There is a need to deny the execution of malicious code on the systems. This can be done through regular updates of passwords and ensuring that the operating system is constantly updated. Once the malware has been detected in the system and denied the chance of execution, there is a need to put up countermeasures to disrupt the exploitations. This includes launching commands against the malicious code, such as redirecting its commands to a sandbox to learn the program’s weaponization (Ali, 2017). There should also be the creation of trusted zones where the malicious code has not been affected. After that, the malicious code can be isolated to run commands in a given section of the system, secure. Finally, the information security officer should install app-aware systems based on artificial intelligence to learn, detect, and mitigate malware code execution.

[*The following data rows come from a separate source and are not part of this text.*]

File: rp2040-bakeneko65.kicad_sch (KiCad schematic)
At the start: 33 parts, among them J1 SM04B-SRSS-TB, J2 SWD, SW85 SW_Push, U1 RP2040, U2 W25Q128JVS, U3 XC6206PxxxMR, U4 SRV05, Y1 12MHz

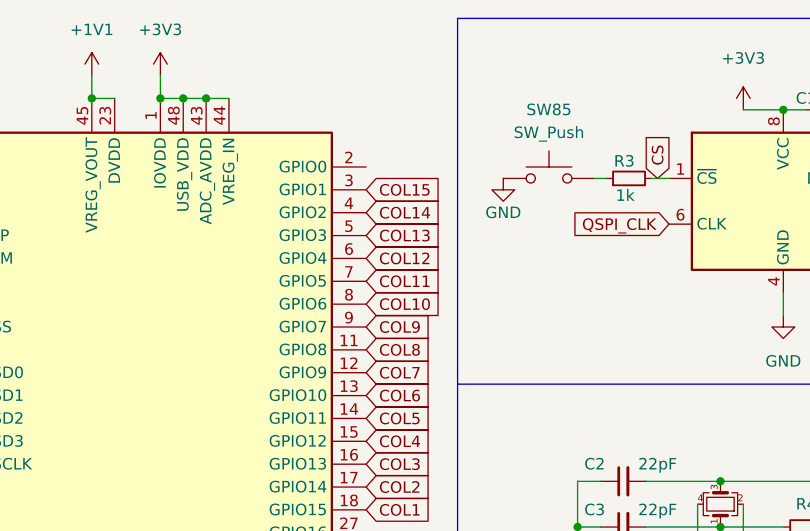
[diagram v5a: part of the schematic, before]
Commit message: more col routing
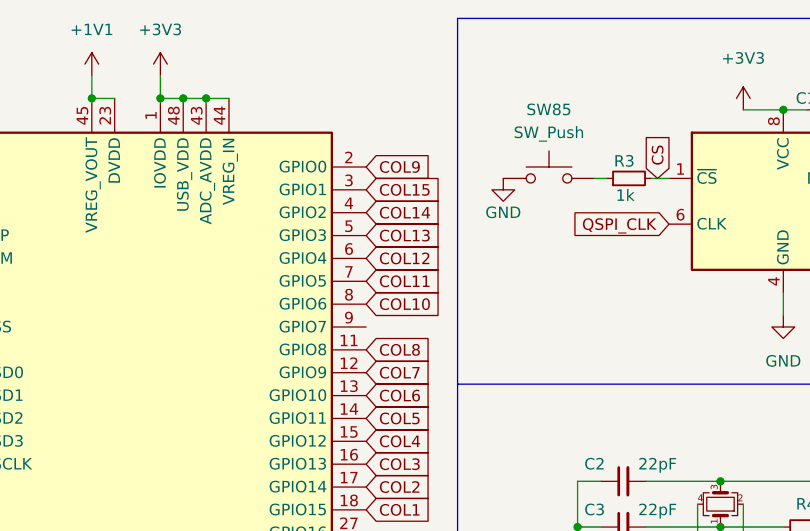
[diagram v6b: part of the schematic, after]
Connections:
- net COL9: now also U1.2 (GPIO0); no longer U1.9 (GPIO7)
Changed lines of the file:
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@@
-    )
-  )
-  (global_label "COL9" (shape input) (at 97.79 46.99 0) (fields_autoplaced)
-    (effects (font (size 1.27 1.27)) (justify left))
-    (property "Intersheetrefs" "${INTERSHEET_REFS}" (at 105.5339 46.99 0)
-      (effects (font (size 1.27 1.27)) (justify left) hide)
     )
   )
@@
     )
   )
+  (global_label "COL9" (shape input) (at 97.79 29.21 0) (fields_autoplaced)
+    (effects (font (size 1.27 1.27)) (justify left))
+    (property "Intersheetrefs" "${INTERSHEET_REFS}" (at 105.5339 29.21 0)
+      (effects (font (size 1.27 1.27)) (justify left) hide)
+    )
+  )

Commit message: Revert "more col routing"
This reverts commit cb50b5119402ddcb1d4d4028dc95a6a712835f21.
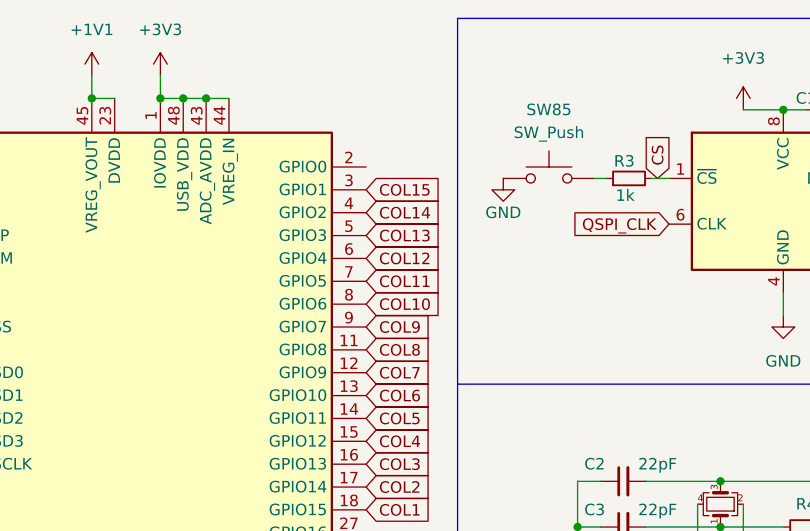
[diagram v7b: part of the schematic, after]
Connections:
- net COL9: now also U1.9 (GPIO7); no longer U1.2 (GPIO0)
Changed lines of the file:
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@@
+    )
+  )
+  (global_label "COL9" (shape input) (at 97.79 46.99 0) (fields_autoplaced)
+    (effects (font (size 1.27 1.27)) (justify left))
+    (property "Intersheetrefs" "${INTERSHEET_REFS}" (at 105.5339 46.99 0)
+      (effects (font (size 1.27 1.27)) (justify left) hide)
     )
   )
@@
     )
   )
-  (global_label "COL9" (shape input) (at 97.79 29.21 0) (fields_autoplaced)
-    (effects (font (size 1.27 1.27)) (justify left))
-    (property "Intersheetrefs" "${INTERSHEET_REFS}" (at 105.5339 29.21 0)
-      (effects (font (size 1.27 1.27)) (justify left) hide)
-    )
-  )

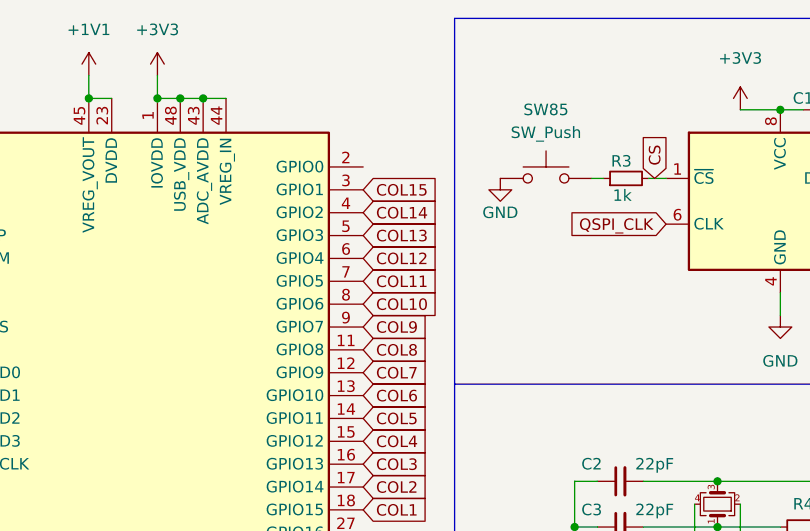
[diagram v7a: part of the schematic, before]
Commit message: MCU reposition + a couple cols
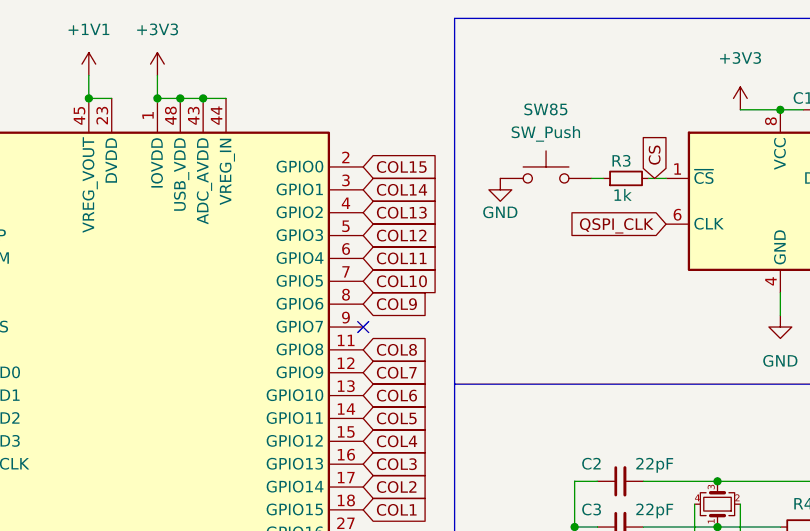
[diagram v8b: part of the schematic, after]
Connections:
- net COL10: now also U1.7 (GPIO5); no longer U1.8 (GPIO6)
- net COL11: now also U1.6 (GPIO4); no longer U1.7 (GPIO5)
- net COL12: now also U1.5 (GPIO3); no longer U1.6 (GPIO4)
- net COL13: now also U1.4 (GPIO2); no longer U1.5 (GPIO3)
- net COL14: now also U1.3 (GPIO1); no longer U1.4 (GPIO2)
- net COL15: now also U1.2 (GPIO0); no longer U1.3 (GPIO1)
- net COL9: now also U1.8 (GPIO6); no longer U1.9 (GPIO7)
- no-connect marks 3 -> 4

In conclusion, a cyber kill chain is a 7-step that describes the different levels of a cyberattack. In the execution phase, malicious code begins running on the host computer and creates a loophole for installing more malicious programs to give the attacker more control of the system. An information security officer should employ the countermeasures shared above to deal with this phase of an attack.
Ali, A. (2017). Ransomware: A research and a personal case study of dealing with this nasty malware. Issues in Informing Science and Information Technology, 14, 87-99.
Hosseini Nejad, R., Haddad Pajouh, H., Dehghantanha, A., & Parizi, R. M. (2019). A cyber kill chain based analysis of remote access trojans. In A. Dehghantanha & K-K. R. Choo (Eds.), Handbook of big data and IoT security (pp. 273-299). Springer.
Khan, M. S., Siddiqui, S., & Ferens, K. (2018). A cognitive and concurrent cyber kill chain model. In K. Daimi (Ed.), Computer and network security essentials (pp. 585-602). Springer.
Singh, V. K., & Govindarasu, M. (2021). Cyber kill chain-based hybrid intrusion detection system for smart grid. In H. Haes Alhelou et al. (Eds.), Wide area power systems stability, protection, and security (pp. 571-599). Springer.